A complicated part of the wage and hour scheme revolves around compensable working time. Generally, under the Fair Labor Standards Act (FLSA”) and other government contract wage and hour laws, employees must be compensated for time when suffered or permitted to work. 29 U.S.C. § 203(g). This doesn’t normally count commuting time. But sometimes, this duty to pay even applies to time spent commuting to and from the workplace. For laborers working on job sites near the employer’s principal place of business, or at a remote facility, employers can run up costs by requiring multiple reporting places or special work obligations while commuting. A recent Department of Labor (“DOL”) Wage and Hour Opinion Letter gives guidance in navigating some of the hidden costs of compensable travel times and how to avoid them.

On November 3, 2020, the Wage and Hour Administrator of DOL penned an opinion letter discussing compensable travel time for laborers working away from the employer’s principle place of business. More specifically, the Administrator examined three different scenarios. In the first, the Foreman was required to first go to the employer’s principal place of business to pick up vital equipment that was stored there for safety, then they would drive that equipment to the job site. Sometimes, other laborers would choose to drive with the Foreman instead of driving in their own vehicles. In the second scenario, the job site was more than an hour and a half away, a Foreman would pick up the equipment at the beginning of the job and return it at the end of the job. Since it was so far, the employer would furnish housing and a meal stipend to the employees and would also allow some laborers to park at the employer’s principal place of business and drive with the Foreman to the remote job site. Finally, the third scenario discussed laborers who drove each day to the remote job site rather than accepting housing if the remote site was farther than a one and one-half hour drive. The employer asked DOL in which scenarios they were required to pay their laborers for their time driving to the job site.

DOL stated that in all scenarios the Foreman must be compensated for their time driving the equipment back and forth from the job site because the duty was an indispensable and integral part of the Foreman’s activity that he was required to perform. In scenario two and three, the employer is only required to count travel that cuts across the employee’s normal work hours as compensable. It was deemed to be compensable travel all in a day’s work. DOL uses what they have called the portal to portal time rule – once you report to the work site you are at work and all travel in a day’s work is compensable until you return to the home site.
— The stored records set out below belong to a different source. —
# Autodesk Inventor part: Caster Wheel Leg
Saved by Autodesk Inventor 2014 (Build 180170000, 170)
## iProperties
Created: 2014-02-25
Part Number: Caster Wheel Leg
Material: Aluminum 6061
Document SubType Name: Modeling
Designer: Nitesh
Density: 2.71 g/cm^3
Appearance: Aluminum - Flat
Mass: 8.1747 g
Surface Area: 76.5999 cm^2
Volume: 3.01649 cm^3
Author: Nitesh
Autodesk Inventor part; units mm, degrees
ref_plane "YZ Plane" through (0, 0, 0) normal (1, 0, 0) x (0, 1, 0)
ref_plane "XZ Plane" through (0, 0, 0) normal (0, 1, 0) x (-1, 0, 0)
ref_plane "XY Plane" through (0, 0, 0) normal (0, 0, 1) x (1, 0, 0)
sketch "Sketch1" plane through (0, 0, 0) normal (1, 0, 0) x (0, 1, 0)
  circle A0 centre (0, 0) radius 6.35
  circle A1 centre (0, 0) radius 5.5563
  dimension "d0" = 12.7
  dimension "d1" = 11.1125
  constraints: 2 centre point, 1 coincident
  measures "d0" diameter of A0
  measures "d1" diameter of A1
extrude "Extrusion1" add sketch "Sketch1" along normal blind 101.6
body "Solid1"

In scenario two, if the laborer is a passenger, then the same rule applies. If the employer were to offer transportation from the employer’s facility to the remote work site, they can count as compensable time the actual time spent travelling to the worksite, or the amount of time that would have accrued if the employee would have accepted the offer of transportation. This is a worthwhile method of computing working time because it allows the employer to control compensable time even if the employee refuses the offer of transportation. In scenario two, the employee is going to the job site for the purpose of helping the employer which is why time spent commuting may be compensable.

Contrast that with the events in scenario three, where the DOL stated that the time spent commuting is not compensable. In scenario three, the laborers are using their own off time and choosing to commute long distances to spend time in a different location. In these situations, the employees are using the time for their own purposes as defined by 40 U.S.C.A. § 3142(c) and 29 C.F.R. § 5.5(a)(1). Since this time is not spent for the benefit of the employer, the travel time is no longer compensable as it was in scenario one and two. This position clarifies some prior DOL suggestions that travel time to remote sites might be compensable

DOL iterated that the “FLSA is not an inflexible bar that places employer and employee in opposition” and suggested that employer and employee interests are not always at odds. See WHD Opinion Letter 2020-16 (Nov. 3, 2020). They wrote that restrictive travel time regulations would force employers to schedule their employee’s travel time which would hardly benefit the employee in any meaningful way. This allows the employee to travel home for important dates without requiring the employer to “look the other way.” On the other hand, if the employer is solely the one benefitting from an arrangement, such as in scenario one with the Foreman picking up work-related equipment, the employer should be the party paying for that arrangement.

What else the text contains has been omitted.